I love it!!!  It's such a nice "grown up" Minnie bag.  Can't wait to get mine!


----------



## reginaPhalange

Got an email from KS about the Minnie Mouse collection however there is no coin purse on the website as of yet.

On the other hand here is my purchase, arrived Wednesday morning:


----------



## BeachBagGal

reginaPhalange said:


> Got an email from KS about the Minnie Mouse collection however there is no coin purse on the website as of yet.
> 
> On the other hand here is my purchase, arrived Wednesday morning:
> 
> 
> 
> 
> 
> 
> 
> 
> 
> View attachment 3305087



Cute combo!


----------



## reginaPhalange

BeachBagGal said:


> Cute combo!




Thank you! I used the wristlet today, it's extremely roomy.


----------



## mb24

reginaPhalange said:


> I waited right up until Sunday night to make a purchase but I'm glad I did! My SA placed the order with free express shipping and it arrived this morning! I've posted a reveal thread and will post pictures once I get home tonight.
> 
> 
> I believe the exact release date of the coin purse is March 20th. I was told items are being released throughout the month. We've seen everything on the site with the exception of the Mini Maise, coin purse, and the spherical clutch/crossbody.

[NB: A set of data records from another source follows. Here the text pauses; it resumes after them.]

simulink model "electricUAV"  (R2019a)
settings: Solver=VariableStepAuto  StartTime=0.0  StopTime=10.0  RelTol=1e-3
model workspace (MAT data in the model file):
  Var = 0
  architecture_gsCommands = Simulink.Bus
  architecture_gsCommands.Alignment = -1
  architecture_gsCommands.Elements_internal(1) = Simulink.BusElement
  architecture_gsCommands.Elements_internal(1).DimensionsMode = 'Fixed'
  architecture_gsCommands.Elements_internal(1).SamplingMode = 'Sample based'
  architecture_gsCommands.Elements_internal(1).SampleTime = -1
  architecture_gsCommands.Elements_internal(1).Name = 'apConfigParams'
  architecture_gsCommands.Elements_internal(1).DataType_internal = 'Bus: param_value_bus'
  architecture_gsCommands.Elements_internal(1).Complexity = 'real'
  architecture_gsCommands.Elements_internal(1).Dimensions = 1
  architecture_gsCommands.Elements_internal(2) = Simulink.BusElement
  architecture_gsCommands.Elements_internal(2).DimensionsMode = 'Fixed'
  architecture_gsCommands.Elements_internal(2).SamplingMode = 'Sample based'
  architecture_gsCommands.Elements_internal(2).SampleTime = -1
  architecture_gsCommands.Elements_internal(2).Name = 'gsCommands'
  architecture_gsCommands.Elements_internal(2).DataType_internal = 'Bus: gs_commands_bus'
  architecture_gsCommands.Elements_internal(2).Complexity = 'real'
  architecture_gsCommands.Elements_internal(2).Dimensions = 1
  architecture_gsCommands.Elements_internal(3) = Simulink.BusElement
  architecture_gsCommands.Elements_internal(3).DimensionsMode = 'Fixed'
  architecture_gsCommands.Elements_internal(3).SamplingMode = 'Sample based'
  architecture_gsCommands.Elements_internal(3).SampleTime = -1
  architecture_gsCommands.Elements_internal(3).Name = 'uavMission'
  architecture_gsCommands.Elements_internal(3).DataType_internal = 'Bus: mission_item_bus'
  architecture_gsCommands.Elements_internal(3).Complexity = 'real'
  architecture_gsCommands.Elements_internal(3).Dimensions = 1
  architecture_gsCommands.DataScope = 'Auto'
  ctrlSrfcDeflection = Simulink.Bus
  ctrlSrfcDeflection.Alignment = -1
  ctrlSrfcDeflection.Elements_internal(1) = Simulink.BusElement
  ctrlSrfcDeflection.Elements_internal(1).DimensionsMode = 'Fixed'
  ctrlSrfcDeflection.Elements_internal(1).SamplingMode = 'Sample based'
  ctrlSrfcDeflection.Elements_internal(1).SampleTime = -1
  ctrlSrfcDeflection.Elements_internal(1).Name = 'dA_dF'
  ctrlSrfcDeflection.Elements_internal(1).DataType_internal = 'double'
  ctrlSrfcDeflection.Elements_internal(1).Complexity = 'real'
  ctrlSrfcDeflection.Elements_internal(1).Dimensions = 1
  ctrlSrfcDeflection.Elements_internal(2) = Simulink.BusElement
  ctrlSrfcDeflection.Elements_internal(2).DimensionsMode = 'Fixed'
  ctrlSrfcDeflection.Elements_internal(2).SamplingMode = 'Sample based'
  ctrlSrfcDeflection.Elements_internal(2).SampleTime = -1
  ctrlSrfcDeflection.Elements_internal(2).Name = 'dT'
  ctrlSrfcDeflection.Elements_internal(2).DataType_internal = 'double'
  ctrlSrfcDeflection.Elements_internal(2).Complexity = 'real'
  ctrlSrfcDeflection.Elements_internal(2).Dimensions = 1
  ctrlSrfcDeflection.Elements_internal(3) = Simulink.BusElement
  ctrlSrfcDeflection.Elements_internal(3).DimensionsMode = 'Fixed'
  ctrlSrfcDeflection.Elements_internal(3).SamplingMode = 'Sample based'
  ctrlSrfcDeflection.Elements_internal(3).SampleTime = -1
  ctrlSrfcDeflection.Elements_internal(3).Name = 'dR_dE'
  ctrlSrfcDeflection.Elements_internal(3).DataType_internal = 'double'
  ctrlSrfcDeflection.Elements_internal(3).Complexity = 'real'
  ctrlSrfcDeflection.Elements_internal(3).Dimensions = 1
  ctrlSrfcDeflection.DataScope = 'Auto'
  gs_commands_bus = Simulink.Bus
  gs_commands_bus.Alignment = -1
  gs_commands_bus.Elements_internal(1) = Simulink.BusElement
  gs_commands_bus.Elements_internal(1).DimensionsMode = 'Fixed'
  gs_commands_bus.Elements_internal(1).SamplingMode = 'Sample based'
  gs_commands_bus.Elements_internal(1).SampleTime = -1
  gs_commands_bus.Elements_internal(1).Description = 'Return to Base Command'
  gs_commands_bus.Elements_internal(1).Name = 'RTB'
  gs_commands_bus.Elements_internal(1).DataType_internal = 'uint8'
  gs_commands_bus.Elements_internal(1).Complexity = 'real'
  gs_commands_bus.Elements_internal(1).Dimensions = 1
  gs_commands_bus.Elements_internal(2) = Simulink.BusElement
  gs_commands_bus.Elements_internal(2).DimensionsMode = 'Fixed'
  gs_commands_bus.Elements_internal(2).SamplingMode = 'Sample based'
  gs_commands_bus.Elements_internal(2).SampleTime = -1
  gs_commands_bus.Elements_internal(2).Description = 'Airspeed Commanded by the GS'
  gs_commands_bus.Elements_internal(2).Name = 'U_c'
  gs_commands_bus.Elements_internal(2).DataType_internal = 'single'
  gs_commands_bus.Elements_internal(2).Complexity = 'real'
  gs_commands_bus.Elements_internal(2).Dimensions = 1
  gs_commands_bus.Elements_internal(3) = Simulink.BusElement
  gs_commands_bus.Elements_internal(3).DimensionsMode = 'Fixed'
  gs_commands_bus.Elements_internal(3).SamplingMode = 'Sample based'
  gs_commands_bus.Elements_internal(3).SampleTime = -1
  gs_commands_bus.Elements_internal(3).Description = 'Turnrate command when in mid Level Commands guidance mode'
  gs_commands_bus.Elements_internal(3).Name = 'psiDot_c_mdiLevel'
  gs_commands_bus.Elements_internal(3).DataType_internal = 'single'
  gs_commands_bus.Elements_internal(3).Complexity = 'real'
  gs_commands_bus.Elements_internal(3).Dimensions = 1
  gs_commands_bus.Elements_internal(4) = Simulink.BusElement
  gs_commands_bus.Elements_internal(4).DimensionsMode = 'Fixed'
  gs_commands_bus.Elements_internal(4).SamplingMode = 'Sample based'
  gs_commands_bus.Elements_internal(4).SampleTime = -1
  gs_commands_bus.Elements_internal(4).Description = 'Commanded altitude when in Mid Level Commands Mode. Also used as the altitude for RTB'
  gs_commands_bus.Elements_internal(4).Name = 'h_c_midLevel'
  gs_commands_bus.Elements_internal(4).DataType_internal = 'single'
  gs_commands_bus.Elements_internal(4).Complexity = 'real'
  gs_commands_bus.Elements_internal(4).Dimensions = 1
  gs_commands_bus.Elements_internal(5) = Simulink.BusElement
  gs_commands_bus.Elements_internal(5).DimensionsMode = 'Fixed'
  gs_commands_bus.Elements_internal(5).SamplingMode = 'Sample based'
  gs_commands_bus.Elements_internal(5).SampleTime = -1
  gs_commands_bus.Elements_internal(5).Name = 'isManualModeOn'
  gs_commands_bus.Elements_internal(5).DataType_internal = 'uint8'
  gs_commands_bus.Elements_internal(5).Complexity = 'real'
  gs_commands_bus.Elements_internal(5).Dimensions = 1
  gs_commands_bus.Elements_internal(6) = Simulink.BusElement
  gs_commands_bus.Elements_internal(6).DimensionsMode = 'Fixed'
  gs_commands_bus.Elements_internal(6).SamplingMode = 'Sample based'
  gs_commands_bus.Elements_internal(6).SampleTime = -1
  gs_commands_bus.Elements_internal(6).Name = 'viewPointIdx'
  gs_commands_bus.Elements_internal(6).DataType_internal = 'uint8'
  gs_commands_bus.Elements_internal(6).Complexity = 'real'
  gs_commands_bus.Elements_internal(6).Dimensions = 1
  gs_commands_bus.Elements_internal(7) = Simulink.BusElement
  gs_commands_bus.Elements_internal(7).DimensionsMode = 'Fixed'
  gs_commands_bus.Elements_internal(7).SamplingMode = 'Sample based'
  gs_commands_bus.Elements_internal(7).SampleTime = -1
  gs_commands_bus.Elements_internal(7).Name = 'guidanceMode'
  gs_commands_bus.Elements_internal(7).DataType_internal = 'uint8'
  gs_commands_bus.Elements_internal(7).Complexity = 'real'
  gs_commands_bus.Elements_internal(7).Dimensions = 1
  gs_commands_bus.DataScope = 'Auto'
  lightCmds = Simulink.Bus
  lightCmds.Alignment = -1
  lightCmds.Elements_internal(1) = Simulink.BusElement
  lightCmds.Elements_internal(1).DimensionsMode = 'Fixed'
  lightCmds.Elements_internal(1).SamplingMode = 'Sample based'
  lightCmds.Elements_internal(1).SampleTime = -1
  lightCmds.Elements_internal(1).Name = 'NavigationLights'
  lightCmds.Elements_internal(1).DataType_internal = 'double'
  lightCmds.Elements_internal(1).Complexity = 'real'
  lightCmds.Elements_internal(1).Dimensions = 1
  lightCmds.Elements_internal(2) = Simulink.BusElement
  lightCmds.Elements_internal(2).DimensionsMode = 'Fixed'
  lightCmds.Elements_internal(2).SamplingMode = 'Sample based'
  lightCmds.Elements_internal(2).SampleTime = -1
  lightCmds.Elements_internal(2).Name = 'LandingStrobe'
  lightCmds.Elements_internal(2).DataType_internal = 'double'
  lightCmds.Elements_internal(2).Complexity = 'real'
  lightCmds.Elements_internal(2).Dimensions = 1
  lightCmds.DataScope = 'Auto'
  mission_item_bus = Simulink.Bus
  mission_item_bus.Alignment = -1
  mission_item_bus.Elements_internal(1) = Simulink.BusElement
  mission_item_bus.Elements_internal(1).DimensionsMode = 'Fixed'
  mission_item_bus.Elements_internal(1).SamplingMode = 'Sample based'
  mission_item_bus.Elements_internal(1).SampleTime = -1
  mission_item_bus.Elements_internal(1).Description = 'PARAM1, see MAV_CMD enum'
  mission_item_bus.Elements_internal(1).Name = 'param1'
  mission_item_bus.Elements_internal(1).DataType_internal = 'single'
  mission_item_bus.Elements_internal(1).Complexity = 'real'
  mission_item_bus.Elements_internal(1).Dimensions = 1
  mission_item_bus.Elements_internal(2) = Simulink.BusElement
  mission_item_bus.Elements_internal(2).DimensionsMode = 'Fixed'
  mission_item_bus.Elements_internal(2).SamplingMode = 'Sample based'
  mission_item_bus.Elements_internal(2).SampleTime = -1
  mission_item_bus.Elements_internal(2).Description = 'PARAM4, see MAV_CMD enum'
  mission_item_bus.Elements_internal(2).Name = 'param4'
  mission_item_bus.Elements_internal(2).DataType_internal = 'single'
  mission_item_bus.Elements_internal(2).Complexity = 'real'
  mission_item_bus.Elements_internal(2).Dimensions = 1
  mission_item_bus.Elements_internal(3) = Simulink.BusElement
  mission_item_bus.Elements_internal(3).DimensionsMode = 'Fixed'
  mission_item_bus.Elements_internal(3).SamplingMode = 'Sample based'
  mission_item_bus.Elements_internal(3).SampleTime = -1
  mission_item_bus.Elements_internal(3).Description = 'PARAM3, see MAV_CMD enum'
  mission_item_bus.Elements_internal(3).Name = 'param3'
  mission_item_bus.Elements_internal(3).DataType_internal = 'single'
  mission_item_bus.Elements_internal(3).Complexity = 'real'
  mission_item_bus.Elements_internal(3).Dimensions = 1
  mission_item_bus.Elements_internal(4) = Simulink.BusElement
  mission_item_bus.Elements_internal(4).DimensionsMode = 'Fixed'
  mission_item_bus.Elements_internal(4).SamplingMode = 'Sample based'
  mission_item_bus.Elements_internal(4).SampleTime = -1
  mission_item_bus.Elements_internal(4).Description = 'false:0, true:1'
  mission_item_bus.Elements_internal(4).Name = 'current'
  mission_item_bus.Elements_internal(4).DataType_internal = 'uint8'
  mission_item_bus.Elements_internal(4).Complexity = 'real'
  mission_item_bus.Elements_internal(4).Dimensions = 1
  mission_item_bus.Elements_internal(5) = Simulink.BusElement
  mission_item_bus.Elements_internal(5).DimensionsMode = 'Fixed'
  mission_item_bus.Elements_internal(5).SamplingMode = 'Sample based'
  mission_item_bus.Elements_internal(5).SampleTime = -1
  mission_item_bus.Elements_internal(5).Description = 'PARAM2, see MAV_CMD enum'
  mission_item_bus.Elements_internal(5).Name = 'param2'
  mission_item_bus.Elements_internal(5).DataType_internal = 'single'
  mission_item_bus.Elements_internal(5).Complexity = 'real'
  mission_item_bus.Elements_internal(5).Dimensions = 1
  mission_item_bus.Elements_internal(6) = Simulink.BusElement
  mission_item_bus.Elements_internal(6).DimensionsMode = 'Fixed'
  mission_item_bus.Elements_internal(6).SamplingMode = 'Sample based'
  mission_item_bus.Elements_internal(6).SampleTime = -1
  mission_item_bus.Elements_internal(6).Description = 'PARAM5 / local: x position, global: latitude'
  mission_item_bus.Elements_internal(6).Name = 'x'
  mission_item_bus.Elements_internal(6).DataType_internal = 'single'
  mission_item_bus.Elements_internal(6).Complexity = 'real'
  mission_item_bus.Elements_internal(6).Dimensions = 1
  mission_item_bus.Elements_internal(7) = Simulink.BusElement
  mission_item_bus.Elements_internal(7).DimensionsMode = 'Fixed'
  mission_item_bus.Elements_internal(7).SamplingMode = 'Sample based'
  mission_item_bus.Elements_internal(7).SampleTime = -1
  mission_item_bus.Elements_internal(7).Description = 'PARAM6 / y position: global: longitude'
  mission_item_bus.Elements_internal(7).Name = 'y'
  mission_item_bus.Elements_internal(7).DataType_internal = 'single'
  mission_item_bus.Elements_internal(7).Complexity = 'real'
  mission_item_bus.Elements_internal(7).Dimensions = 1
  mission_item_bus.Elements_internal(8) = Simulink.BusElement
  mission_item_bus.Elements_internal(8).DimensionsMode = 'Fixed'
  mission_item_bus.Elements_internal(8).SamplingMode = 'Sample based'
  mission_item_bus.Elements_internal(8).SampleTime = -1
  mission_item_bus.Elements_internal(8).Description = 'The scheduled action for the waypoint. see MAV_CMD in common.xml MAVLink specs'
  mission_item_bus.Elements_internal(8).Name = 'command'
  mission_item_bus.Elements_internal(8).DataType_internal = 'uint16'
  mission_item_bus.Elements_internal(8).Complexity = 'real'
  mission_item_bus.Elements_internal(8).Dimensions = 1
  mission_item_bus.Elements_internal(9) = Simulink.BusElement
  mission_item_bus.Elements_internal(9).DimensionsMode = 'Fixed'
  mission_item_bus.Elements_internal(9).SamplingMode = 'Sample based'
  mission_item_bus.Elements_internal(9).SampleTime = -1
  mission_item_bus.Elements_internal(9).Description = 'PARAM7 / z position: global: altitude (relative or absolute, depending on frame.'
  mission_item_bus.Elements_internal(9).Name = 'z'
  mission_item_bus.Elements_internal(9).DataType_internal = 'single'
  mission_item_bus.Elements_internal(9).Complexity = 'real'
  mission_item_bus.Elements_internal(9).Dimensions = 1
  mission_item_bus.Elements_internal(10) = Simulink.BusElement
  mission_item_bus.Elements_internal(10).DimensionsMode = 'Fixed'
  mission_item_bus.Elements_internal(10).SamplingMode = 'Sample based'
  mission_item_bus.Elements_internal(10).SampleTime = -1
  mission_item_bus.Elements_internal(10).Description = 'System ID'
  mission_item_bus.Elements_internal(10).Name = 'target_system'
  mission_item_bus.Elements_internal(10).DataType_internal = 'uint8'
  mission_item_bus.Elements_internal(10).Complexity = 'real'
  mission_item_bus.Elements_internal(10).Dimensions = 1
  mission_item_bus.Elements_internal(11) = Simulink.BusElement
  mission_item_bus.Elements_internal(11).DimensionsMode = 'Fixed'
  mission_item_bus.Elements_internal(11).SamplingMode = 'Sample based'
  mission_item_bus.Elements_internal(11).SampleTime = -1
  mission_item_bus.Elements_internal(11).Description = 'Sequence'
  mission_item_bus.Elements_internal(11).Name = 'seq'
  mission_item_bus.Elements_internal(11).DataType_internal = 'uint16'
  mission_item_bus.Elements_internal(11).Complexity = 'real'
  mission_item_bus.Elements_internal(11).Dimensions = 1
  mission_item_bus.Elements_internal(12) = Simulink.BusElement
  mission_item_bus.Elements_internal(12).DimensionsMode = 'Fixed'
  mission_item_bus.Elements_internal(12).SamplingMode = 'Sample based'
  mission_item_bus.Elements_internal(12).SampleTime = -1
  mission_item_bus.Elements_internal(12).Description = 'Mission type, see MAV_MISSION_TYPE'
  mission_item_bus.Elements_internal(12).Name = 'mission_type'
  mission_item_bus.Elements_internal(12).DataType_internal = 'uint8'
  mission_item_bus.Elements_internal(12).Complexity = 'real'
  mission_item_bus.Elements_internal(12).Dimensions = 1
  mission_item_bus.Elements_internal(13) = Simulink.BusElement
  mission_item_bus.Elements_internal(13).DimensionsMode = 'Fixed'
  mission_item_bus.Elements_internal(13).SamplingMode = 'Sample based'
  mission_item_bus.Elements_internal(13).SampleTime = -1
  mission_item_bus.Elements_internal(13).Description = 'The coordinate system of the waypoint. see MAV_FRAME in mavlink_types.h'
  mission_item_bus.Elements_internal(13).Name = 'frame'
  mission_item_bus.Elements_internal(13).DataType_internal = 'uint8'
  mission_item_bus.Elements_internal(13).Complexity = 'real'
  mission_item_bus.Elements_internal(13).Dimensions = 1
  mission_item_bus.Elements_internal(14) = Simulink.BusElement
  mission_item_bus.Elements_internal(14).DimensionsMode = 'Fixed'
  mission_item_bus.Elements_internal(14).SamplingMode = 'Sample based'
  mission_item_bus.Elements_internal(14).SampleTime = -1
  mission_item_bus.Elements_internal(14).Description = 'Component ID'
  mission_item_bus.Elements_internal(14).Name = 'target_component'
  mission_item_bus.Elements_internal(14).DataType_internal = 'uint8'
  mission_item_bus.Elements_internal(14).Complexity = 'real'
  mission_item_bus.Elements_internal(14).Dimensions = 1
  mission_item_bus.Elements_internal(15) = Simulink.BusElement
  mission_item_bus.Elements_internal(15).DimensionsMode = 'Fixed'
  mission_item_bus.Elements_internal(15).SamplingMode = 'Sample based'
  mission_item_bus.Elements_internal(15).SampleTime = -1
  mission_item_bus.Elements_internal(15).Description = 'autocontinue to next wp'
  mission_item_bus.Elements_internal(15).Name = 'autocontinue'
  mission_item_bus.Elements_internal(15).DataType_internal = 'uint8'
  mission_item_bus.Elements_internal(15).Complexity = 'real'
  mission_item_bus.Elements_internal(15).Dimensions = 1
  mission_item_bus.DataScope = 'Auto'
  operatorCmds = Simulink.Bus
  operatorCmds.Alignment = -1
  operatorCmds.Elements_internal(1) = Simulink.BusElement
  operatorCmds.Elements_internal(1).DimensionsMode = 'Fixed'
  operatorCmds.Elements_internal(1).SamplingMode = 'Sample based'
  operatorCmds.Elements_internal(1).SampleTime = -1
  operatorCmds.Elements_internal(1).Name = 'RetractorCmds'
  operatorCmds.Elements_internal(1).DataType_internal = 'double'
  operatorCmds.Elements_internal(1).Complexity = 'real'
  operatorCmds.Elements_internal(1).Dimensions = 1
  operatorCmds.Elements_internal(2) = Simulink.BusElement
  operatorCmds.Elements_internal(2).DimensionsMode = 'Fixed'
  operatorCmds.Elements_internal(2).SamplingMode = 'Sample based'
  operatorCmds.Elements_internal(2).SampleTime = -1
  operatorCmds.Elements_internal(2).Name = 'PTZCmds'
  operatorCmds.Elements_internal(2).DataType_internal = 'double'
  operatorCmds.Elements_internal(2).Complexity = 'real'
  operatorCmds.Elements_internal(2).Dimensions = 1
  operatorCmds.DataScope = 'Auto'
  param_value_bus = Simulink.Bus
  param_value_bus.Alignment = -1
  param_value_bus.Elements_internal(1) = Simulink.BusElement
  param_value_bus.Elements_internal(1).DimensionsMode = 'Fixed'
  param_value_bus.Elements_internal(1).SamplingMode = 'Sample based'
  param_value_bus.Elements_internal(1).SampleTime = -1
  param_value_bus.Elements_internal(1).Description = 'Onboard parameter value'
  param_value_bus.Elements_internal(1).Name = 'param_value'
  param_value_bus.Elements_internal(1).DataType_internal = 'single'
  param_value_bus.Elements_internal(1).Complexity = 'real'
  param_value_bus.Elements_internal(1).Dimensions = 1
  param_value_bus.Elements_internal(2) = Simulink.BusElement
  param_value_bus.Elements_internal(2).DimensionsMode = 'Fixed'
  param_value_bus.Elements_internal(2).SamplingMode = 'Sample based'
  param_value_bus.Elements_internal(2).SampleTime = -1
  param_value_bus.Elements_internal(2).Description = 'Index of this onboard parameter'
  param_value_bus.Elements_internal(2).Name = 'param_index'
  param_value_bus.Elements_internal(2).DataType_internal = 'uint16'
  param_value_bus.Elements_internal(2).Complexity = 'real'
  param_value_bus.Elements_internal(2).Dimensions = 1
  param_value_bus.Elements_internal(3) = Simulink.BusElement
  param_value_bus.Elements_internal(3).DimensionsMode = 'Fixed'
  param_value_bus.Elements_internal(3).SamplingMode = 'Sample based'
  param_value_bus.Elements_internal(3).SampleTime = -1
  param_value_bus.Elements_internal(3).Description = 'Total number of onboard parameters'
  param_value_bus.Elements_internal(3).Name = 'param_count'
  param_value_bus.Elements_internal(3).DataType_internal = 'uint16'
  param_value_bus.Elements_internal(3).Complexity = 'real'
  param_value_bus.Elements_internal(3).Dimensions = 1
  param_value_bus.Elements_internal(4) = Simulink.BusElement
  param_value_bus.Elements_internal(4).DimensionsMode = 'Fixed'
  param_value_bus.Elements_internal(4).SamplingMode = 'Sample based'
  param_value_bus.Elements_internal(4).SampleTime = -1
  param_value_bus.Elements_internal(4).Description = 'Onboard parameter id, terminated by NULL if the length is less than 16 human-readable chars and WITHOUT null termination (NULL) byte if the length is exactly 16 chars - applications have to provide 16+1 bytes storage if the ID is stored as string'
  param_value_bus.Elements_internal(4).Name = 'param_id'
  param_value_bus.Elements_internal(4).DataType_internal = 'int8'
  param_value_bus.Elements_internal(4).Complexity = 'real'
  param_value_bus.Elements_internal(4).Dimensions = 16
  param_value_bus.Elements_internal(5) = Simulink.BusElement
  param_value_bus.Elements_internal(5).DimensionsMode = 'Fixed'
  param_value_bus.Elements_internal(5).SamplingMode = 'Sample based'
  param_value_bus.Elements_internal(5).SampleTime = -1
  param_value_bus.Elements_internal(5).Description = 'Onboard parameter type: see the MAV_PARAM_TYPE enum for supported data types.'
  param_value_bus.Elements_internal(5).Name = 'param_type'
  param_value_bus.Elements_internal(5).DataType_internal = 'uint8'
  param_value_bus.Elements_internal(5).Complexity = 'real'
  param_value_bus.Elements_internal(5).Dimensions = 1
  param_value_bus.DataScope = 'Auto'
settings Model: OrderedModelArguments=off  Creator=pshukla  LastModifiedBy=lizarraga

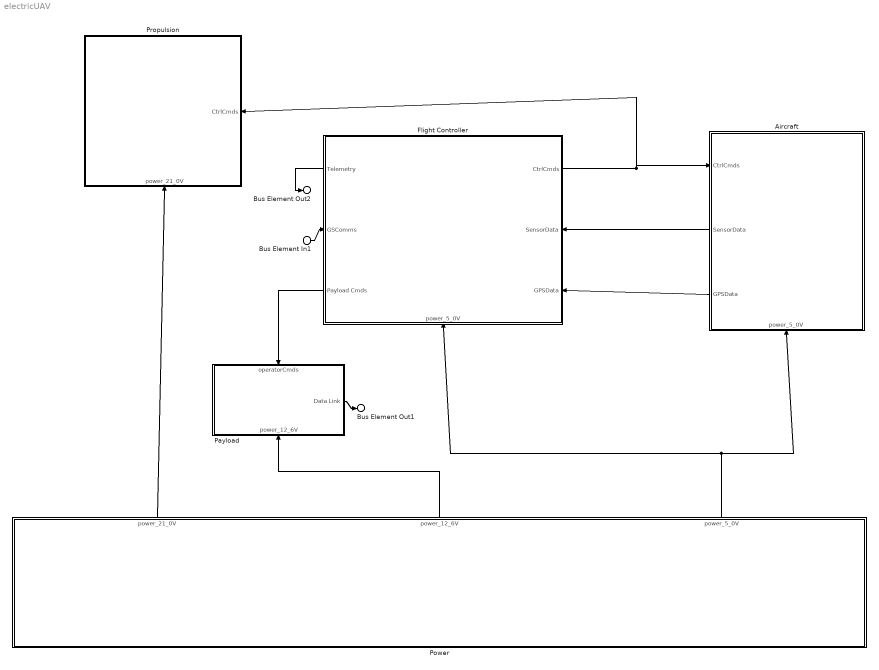
== system electricUAV ==
  Bus Element In1 : Inport  PortName=GS Communication
  Aircraft : Subsystem
      settings: PortSchema="{\"entries\":[{\"content\":{\"headerSize\":26,\"margin\":15,\"minimumSpacing\":25,\"sides\":[{\"content\":{\"connectorIds\":[\"In2\",\"Out1\",\"Out2\"]},\"type\":\"ConnectorPlacement.EquallySpacedRectSide\",\"uuid\":\"5864bfaa-27bf-4dc4-ac35-2a67754e9235\"},{\"content\":{\"connectorIds\":[],\"side\":\"RIGHT\"},\"type\":\"ConnectorPlacement.EquallySpacedRectSide\",\"uuid\":\"1b67a812-6201-4dd3-b7dd-96f38505ac3f\"},{\"content\":{\"connectorIds\":[],\"side\":\"TOP\"},\"type\":\"ConnectorPlacement.EquallySpacedRectSide\",\"uuid\":\"0ccb1f06-40bd-43a7-ae7f-56a6fcc507bd\"},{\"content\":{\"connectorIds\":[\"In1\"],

I stayed up tonight hoping to see the coin purse online at 12 am...LOL!  Still not available....so frustrating.


----------



## Fig91

ede17 said:


> The UK's website says the Minnie Mouse collection will be available to the UK on March 18th. I don't think Kate would launch on a Sunday.... I've only seen them do that one other time. Also there is a card holder that has not been released yet. On a happy note I got my cell phone case in the mail today!




Have you seen what the card holder looks like?


----------



## Fig91

mb24 said:


> I stayed up tonight hoping to see the coin purse online at 12 am...LOL!  Still not available....so frustrating.




I did the same thing! They need to release it already


----------



## anthrosphere

Facebook is trending this collection now! So far they've posted stock pictures of the current items that is on sale now - sweater, black tote, phone case... clutch... but no sign of the coin purse, unfortunately.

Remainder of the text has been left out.